Veritas sees Invio as another piece of its utility computing strategy, geared to products that provide storage resources as needed, with hardware reconfiguration. Veritas already licenses Invios process automation engine, which is included in its CommandCentral Service application through an OEM deal (see Veritas Upgrades Utility Player).

So why pay did Veritas pay $35 million for technology it already had? Because Veritas wants to control where that technology is going. “Owning the technology allows us to have more control over the roadmap,” says Nick Mehta, product manager for Veritas’s utility computing products.

The acquisition also gives Veritas Invio’s development team. Mehta says the team will join Veritas, along with other “select employees” from Invio. Most of Invio’s 34 employees are developers. Veritas won’t yet say whether any of Invio’s executive team will be brought aboard.

Sources say the deal may have saved Invio from closing its doors because of lack of revenue. Invio was able to generate only three OEM deals since it was founded in 2000 under the name Filestra (see It's All Go at Invio). One of those deals was with BMC Software Inc. (NYSE: BMC), which folded its storage division in February 2003 and no longer had a need for Invio's software (see BMC Folds Storage Unit). Veritas and McData Corp. (Nasdaq: MCDTA) were Invio's other OEM customers.“Now we’ll have discussions with McData,” Mehta says about the status of that deal.

Invio is the fourth acquisition Veritas has made to stitch together its utility computing platform. In 2002 it picked up server provisioning with the acquisition of Jareva Technologies for $62 million. Last year, Veritas dropped $609 in cash and stock for performance management software maker Precise. It bought application management software company Ejasent for $59 million in January 2004. (See Veritas Nabs Ejasent, Veritas to Acquire Precise, Jareva, Veritas Moves up the Stack, and Veritas Picks Up Precise)

Still, most of Veritas’s revenue comes from backup and recovery software, with utility computing a small but growing segment. The latest purchase shows it continues its commitment to utility computing, after completing a disappointing financial quarter (see Veritas Takes a Dive).

Veritas isn't the only storage company betting on utility computing. IBM Corp. (NYSE: IBM), Hewlett-Packard Co. (NYSE: HPQ), and Sun Microsystems Inc. (Nasdaq: SUNW) all have major utility initiatives; and EMC Corp. (NYSE: EMC) moved in that direction last year by acquiring server provisioning software vendor VMware Inc. (see EMC Gobbles VMware).

Utility computing certainly seems to be on users’ minds.
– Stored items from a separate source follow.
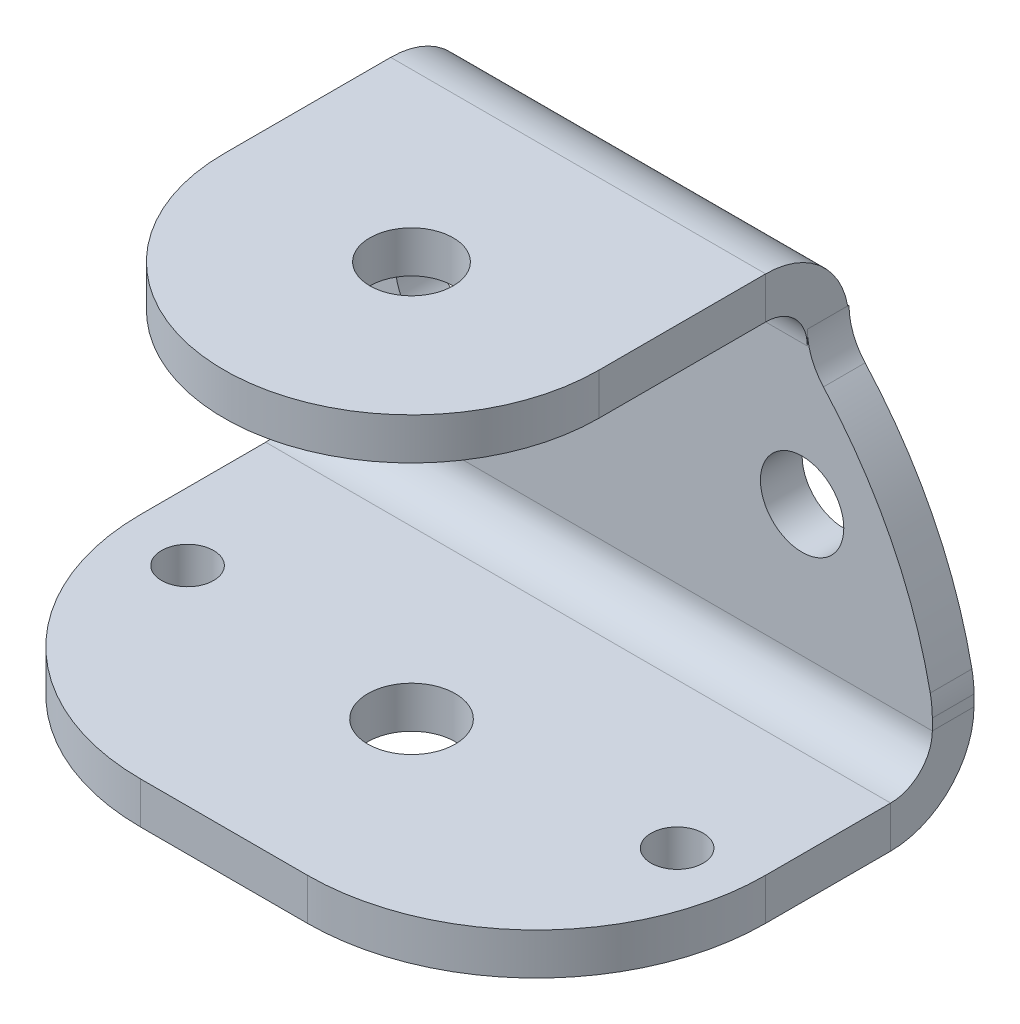
ISO-10303-21;
HEADER;
FILE_DESCRIPTION(('STEP AP214'),'2;1');
FILE_NAME('part.step','',(''),(''),'','','');
FILE_SCHEMA(('AUTOMOTIVE_DESIGN { 1 0 10303 214 1 1 1 1 }'));
ENDSEC;
DATA;
#1=APPLICATION_CONTEXT('core data for automotive mechanical design processes');
#2=APPLICATION_PROTOCOL_DEFINITION('international standard','automotive_design',2000,#1);
#3=PRODUCT_CONTEXT('',#1,'mechanical');
#4=PRODUCT('Part','Part','',(#3));
#5=PRODUCT_RELATED_PRODUCT_CATEGORY('part','',(#4));
#6=PRODUCT_DEFINITION_FORMATION('','',#4);
#7=PRODUCT_DEFINITION_CONTEXT('part definition',#1,'design');
#8=PRODUCT_DEFINITION('design','',#6,#7);
#9=PRODUCT_DEFINITION_SHAPE('','',#8);
#10=(LENGTH_UNIT() NAMED_UNIT(*) SI_UNIT(.MILLI.,.METRE.));
#11=(NAMED_UNIT(*) PLANE_ANGLE_UNIT() SI_UNIT($,.RADIAN.));
#12=(NAMED_UNIT(*) SI_UNIT($,.STERADIAN.) SOLID_ANGLE_UNIT());
#13=UNCERTAINTY_MEASURE_WITH_UNIT(LENGTH_MEASURE(1.E-05),#10,'distance_accuracy_value','');
#14=(GEOMETRIC_REPRESENTATION_CONTEXT(3) GLOBAL_UNCERTAINTY_ASSIGNED_CONTEXT((#13)) GLOBAL_UNIT_ASSIGNED_CONTEXT((#10,
#11,#12)) REPRESENTATION_CONTEXT('',''));
#15=CARTESIAN_POINT('',(0.,0.,0.));
#16=DIRECTION('',(0.,0.,1.));
#17=DIRECTION('',(1.,0.,0.));
#18=AXIS2_PLACEMENT_3D('',#15,#16,#17);
#19=CARTESIAN_POINT('',(15.,19.,9.99999999999999));
#20=DIRECTION('',(0.,1.,0.));
#21=DIRECTION('',(0.,0.,1.));
#22=AXIS2_PLACEMENT_3D('',#19,#20,#21);
#23=PLANE('',#22);
#24=DIRECTION('',(0.,0.,-1.));
#25=VECTOR('',#24,1.);
#26=CARTESIAN_POINT('',(24.,19.,0.));
#27=LINE('',#26,#25);
#28=CARTESIAN_POINT('',(24.,19.,9.99999999999999));
#29=VERTEX_POINT('',#28);
#30=CARTESIAN_POINT('',(24.,19.,1.99999999999999));
#31=VERTEX_POINT('',#30);
#32=EDGE_CURVE('E210',#29,#31,#27,.T.);
#33=ORIENTED_EDGE('',*,*,#32,.T.);
#34=DIRECTION('',(-1.,0.,0.));
#35=VECTOR('',#34,1.);
#36=CARTESIAN_POINT('',(15.,19.,1.99999999999999));
#37=LINE('',#36,#35);
#38=CARTESIAN_POINT('',(6.,19.,1.99999999999999));
#39=VERTEX_POINT('',#38);
#40=EDGE_CURVE('E207',#31,#39,#37,.T.);
#41=ORIENTED_EDGE('',*,*,#40,.T.);
#42=DIRECTION('',(0.,0.,1.));
#43=VECTOR('',#42,1.);
#44=CARTESIAN_POINT('',(6.,19.,10.));
#45=LINE('',#44,#43);
#46=CARTESIAN_POINT('',(6.,19.,10.));
#47=VERTEX_POINT('',#46);
#48=EDGE_CURVE('E199',#39,#47,#45,.T.);
#49=ORIENTED_EDGE('',*,*,#48,.T.);
#50=CARTESIAN_POINT('',(15.,19.,9.99999999999999));
#51=DIRECTION('',(0.,1.,0.));
#52=DIRECTION('',(0.,0.,1.));
#53=AXIS2_PLACEMENT_3D('',#50,#51,#52);
#54=CIRCLE('',#53,9.);
#55=EDGE_CURVE('E204',#47,#29,#54,.T.);
#56=ORIENTED_EDGE('',*,*,#55,.T.);
#57=EDGE_LOOP('',(#33,#41,#49,#56));
#58=FACE_BOUND('',#57,.T.);
#59=CARTESIAN_POINT('',(15.,19.,10.0000000000001));
#60=DIRECTION('',(0.,1.,0.));
#61=DIRECTION('',(0.,0.,1.));
#62=AXIS2_PLACEMENT_3D('',#59,#60,#61);
#63=CIRCLE('',#62,2.);
#64=CARTESIAN_POINT('',(15.,19.,12.0000000000001));
#65=VERTEX_POINT('',#64);
#66=EDGE_CURVE('E909',#65,#65,#63,.T.);
#67=ORIENTED_EDGE('',*,*,#66,.F.);
#68=EDGE_LOOP('',(#67));
#69=FACE_BOUND('',#68,.T.);
#70=ADVANCED_FACE('F42',(#58,#69),#23,.T.);
#71=CARTESIAN_POINT('',(15.,17.,10.));
#72=DIRECTION('',(0.,1.,0.));
#73=DIRECTION('',(0.,0.,1.));
#74=AXIS2_PLACEMENT_3D('',#71,#72,#73);
#75=PLANE('',#74);
#76=DIRECTION('',(-1.,0.,0.));
#77=VECTOR('',#76,1.);
#78=CARTESIAN_POINT('',(24.,17.,1.99999999999999));
#79=LINE('',#78,#77);
#80=CARTESIAN_POINT('',(24.,17.,1.99999999999999));
#81=VERTEX_POINT('',#80);
#82=CARTESIAN_POINT('',(6.,17.,1.99999999999999));
#83=VERTEX_POINT('',#82);
#84=EDGE_CURVE('E868',#81,#83,#79,.T.);
#85=ORIENTED_EDGE('',*,*,#84,.F.);
#86=DIRECTION('',(0.,0.,-1.));
#87=VECTOR('',#86,1.);
#88=CARTESIAN_POINT('',(24.,17.,0.));
#89=LINE('',#88,#87);
#90=CARTESIAN_POINT('',(24.,17.,10.));
#91=VERTEX_POINT('',#90);
#92=EDGE_CURVE('E229',#91,#81,#89,.T.);
#93=ORIENTED_EDGE('',*,*,#92,.F.);
#94=CARTESIAN_POINT('',(15.,17.,10.));
#95=DIRECTION('',(0.,1.,0.));
#96=DIRECTION('',(0.,0.,1.));
#97=AXIS2_PLACEMENT_3D('',#94,#95,#96);
#98=CIRCLE('',#97,9.);
#99=CARTESIAN_POINT('',(6.,17.,10.));
#100=VERTEX_POINT('',#99);
#101=EDGE_CURVE('E233',#100,#91,#98,.T.);
#102=ORIENTED_EDGE('',*,*,#101,.F.);
#103=DIRECTION('',(0.,0.,1.));
#104=VECTOR('',#103,1.);
#105=CARTESIAN_POINT('',(6.,17.,10.));
#106=LINE('',#105,#104);
#107=EDGE_CURVE('E216',#83,#100,#106,.T.);
#108=ORIENTED_EDGE('',*,*,#107,.F.);
#109=EDGE_LOOP('',(#85,#93,#102,#108));
#110=FACE_BOUND('',#109,.T.);
#111=CARTESIAN_POINT('',(15.,17.,10.0000000000001));
#112=DIRECTION('',(0.,1.,0.));
#113=DIRECTION('',(0.,0.,1.));
#114=AXIS2_PLACEMENT_3D('',#111,#112,#113);
#115=CIRCLE('',#114,2.);
#116=CARTESIAN_POINT('',(15.,17.,12.0000000000001));
#117=VERTEX_POINT('',#116);
#118=EDGE_CURVE('E912',#117,#117,#115,.T.);
#119=ORIENTED_EDGE('',*,*,#118,.T.);
#120=EDGE_LOOP('',(#119));
#121=FACE_BOUND('',#120,.T.);
#122=ADVANCED_FACE('F438',(#110,#121),#75,.F.);
#123=CARTESIAN_POINT('',(24.,15.,0.));
#124=DIRECTION('',(-1.,0.,0.));
#125=DIRECTION('',(0.,0.,1.));
#126=AXIS2_PLACEMENT_3D('',#123,#124,#125);
#127=PLANE('',#126);
#128=DIRECTION('',(0.,-1.,0.));
#129=VECTOR('',#128,1.);
#130=CARTESIAN_POINT('',(24.,-0.747058324957094,-2.));
#131=LINE('',#130,#129);
#132=CARTESIAN_POINT('',(24.,15.6981268922314,-2.));
#133=VERTEX_POINT('',#132);
#134=CARTESIAN_POINT('',(24.,15.,-2.));
#135=VERTEX_POINT('',#134);
#136=EDGE_CURVE('E255',#133,#135,#131,.T.);
#137=ORIENTED_EDGE('',*,*,#136,.T.);
#138=CARTESIAN_POINT('',(24.,15.,2.));
#139=DIRECTION('',(-1.,0.,0.));
#140=DIRECTION('',(0.,0.,1.));
#141=AXIS2_PLACEMENT_3D('',#138,#139,#140);
#142=CIRCLE('',#141,4.);
#143=CARTESIAN_POINT('',(24.,15.6981268922314,-1.93860620554318));
#144=VERTEX_POINT('',#143);
#145=EDGE_CURVE('E239',#135,#144,#142,.F.);
#146=ORIENTED_EDGE('',*,*,#145,.T.);
#147=DIRECTION('',(0.,0.,-1.));
#148=VECTOR('',#147,1.);
#149=CARTESIAN_POINT('',(24.,15.6981268922314,-2.));
#150=LINE('',#149,#148);
#151=EDGE_CURVE('E358',#144,#133,#150,.T.);
#152=ORIENTED_EDGE('',*,*,#151,.T.);
#153=EDGE_LOOP('',(#137,#146,#152));
#154=FACE_BOUND('',#153,.T.);
#155=ADVANCED_FACE('F443',(#154),#127,.T.);
#156=CARTESIAN_POINT('',(30.,0.,-2.));
#157=DIRECTION('',(1.,0.,0.));
#158=DIRECTION('',(0.,0.,-1.));
#159=AXIS2_PLACEMENT_3D('',#156,#157,#158);
#160=PLANE('',#159);
#161=DIRECTION('',(0.,1.,0.));
#162=VECTOR('',#161,1.);
#163=CARTESIAN_POINT('',(30.,0.,0.));
#164=LINE('',#163,#162);
#165=CARTESIAN_POINT('',(30.,1.99999999999999,0.));
#166=VERTEX_POINT('',#165);
#167=CARTESIAN_POINT('',(30.,2.53240768629767,0.));
#168=VERTEX_POINT('',#167);
#169=EDGE_CURVE('E324',#166,#168,#164,.T.);
#170=ORIENTED_EDGE('',*,*,#169,.F.);
#171=DIRECTION('',(0.,0.,-1.));
#172=VECTOR('',#171,1.);
#173=CARTESIAN_POINT('',(30.,1.99999999999999,0.));
#174=LINE('',#173,#172);
#175=CARTESIAN_POINT('',(30.,1.99999999999999,-2.));
#176=VERTEX_POINT('',#175);
#177=EDGE_CURVE('E293',#166,#176,#174,.T.);
#178=ORIENTED_EDGE('',*,*,#177,.T.);
#179=DIRECTION('',(0.,1.,0.));
#180=VECTOR('',#179,1.);
#181=CARTESIAN_POINT('',(30.,0.,-2.));
#182=LINE('',#181,#180);
#183=CARTESIAN_POINT('',(30.,2.53240768629767,-2.));
#184=VERTEX_POINT('',#183);
#185=EDGE_CURVE('E313',#176,#184,#182,.T.);
#186=ORIENTED_EDGE('',*,*,#185,.T.);
#187=DIRECTION('',(0.,0.,1.));
#188=VECTOR('',#187,1.);
#189=CARTESIAN_POINT('',(30.,2.53240768629767,-2.));
#190=LINE('',#189,#188);
#191=EDGE_CURVE('E321',#184,#168,#190,.T.);
#192=ORIENTED_EDGE('',*,*,#191,.T.);
#193=EDGE_LOOP('',(#170,#178,#186,#192));
#194=FACE_BOUND('',#193,.T.);
#195=ADVANCED_FACE('F477',(#194),#160,.T.);
#196=CARTESIAN_POINT('',(8.79730487716558,-0.747058324957094,-2.));
#197=DIRECTION('',(0.,0.,1.));
#198=DIRECTION('',(1.,0.,0.));
#199=AXIS2_PLACEMENT_3D('',#196,#197,#198);
#200=PLANE('',#199);
#201=CARTESIAN_POINT('',(23.75,8.29999999999993,-2.));
#202=DIRECTION('',(0.,0.,-1.));
#203=DIRECTION('',(-1.,0.,0.));
#204=AXIS2_PLACEMENT_3D('',#201,#202,#203);
#205=CIRCLE('',#204,2.);
#206=CARTESIAN_POINT('',(21.75,8.29999999999993,-2.));
#207=VERTEX_POINT('',#206);
#208=EDGE_CURVE('E883',#207,#207,#205,.T.);
#209=ORIENTED_EDGE('',*,*,#208,.F.);
#210=EDGE_LOOP('',(#209));
#211=FACE_BOUND('',#210,.T.);
#212=CARTESIAN_POINT('',(6.25,8.29999999999994,-2.));
#213=DIRECTION('',(0.,0.,-1.));
#214=DIRECTION('',(-1.,0.,0.));
#215=AXIS2_PLACEMENT_3D('',#212,#213,#214);
#216=CIRCLE('',#215,2.);
#217=CARTESIAN_POINT('',(4.25,8.29999999999994,-2.));
#218=VERTEX_POINT('',#217);
#219=EDGE_CURVE('E877',#218,#218,#216,.T.);
#220=ORIENTED_EDGE('',*,*,#219,.F.);
#221=EDGE_LOOP('',(#220));
#222=FACE_BOUND('',#221,.T.);
#223=CARTESIAN_POINT('',(3.,15.6981268922314,-2.));
#224=DIRECTION('',(0.,0.,1.));
#225=DIRECTION('',(1.,0.,0.));
#226=AXIS2_PLACEMENT_3D('',#223,#224,#225);
#227=CIRCLE('',#226,3.);
#228=CARTESIAN_POINT('',(5.22606207871607,13.6869959612122,-2.));
#229=VERTEX_POINT('',#228);
#230=CARTESIAN_POINT('',(6.,15.6981268922314,-2.));
#231=VERTEX_POINT('',#230);
#232=EDGE_CURVE('E364',#229,#231,#227,.T.);
#233=ORIENTED_EDGE('',*,*,#232,.T.);
#234=DIRECTION('',(0.,-1.,0.));
#235=VECTOR('',#234,1.);
#236=CARTESIAN_POINT('',(6.,-0.747058324957094,-2.));
#237=LINE('',#236,#235);
#238=CARTESIAN_POINT('',(6.,15.,-2.));
#239=VERTEX_POINT('',#238);
#240=EDGE_CURVE('E260',#231,#239,#237,.T.);
#241=ORIENTED_EDGE('',*,*,#240,.T.);
#242=DIRECTION('',(-1.,0.,0.));
#243=VECTOR('',#242,1.);
#244=CARTESIAN_POINT('',(6.,15.,-2.));
#245=LINE('',#244,#243);
#246=EDGE_CURVE('E235',#239,#135,#245,.F.);
#247=ORIENTED_EDGE('',*,*,#246,.T.);
#248=ORIENTED_EDGE('',*,*,#136,.F.);
#249=CARTESIAN_POINT('',(27.,15.6981268922314,-2.));
#250=DIRECTION('',(0.,0.,1.));
#251=DIRECTION('',(1.,0.,0.));
#252=AXIS2_PLACEMENT_3D('',#249,#250,#251);
#253=CIRCLE('',#252,3.);
#254=CARTESIAN_POINT('',(24.7739379212839,13.6869959612122,-2.));
#255=VERTEX_POINT('',#254);
#256=EDGE_CURVE('E369',#133,#255,#253,.T.);
#257=ORIENTED_EDGE('',*,*,#256,.T.);
#258=CARTESIAN_POINT('',(8.79730487716558,-0.747058324957094,-2.));
#259=DIRECTION('',(0.,0.,1.));
#260=DIRECTION('',(1.,0.,0.));
#261=AXIS2_PLACEMENT_3D('',#258,#259,#260);
#262=CIRCLE('',#261,21.5312499999999);
#263=CARTESIAN_POINT('',(29.9006261241087,3.52430666890781,-2.));
#264=VERTEX_POINT('',#263);
#265=EDGE_CURVE('E316',#264,#255,#262,.T.);
#266=ORIENTED_EDGE('',*,*,#265,.F.);
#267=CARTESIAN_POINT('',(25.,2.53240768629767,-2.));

A recent survey of more than 250 senior executives worldwide conducted by the Economist Intelligence Unit, a research group affiliated with The Economist magazine, found 44 percent plan some type of utility computing strategy.Veritas appears to be finished with utility acqusitions now, as the focus shifts to putting the pieces together. “Now we’re keeping the focus on integrating our technology and tying it into our other systems," Mehta says.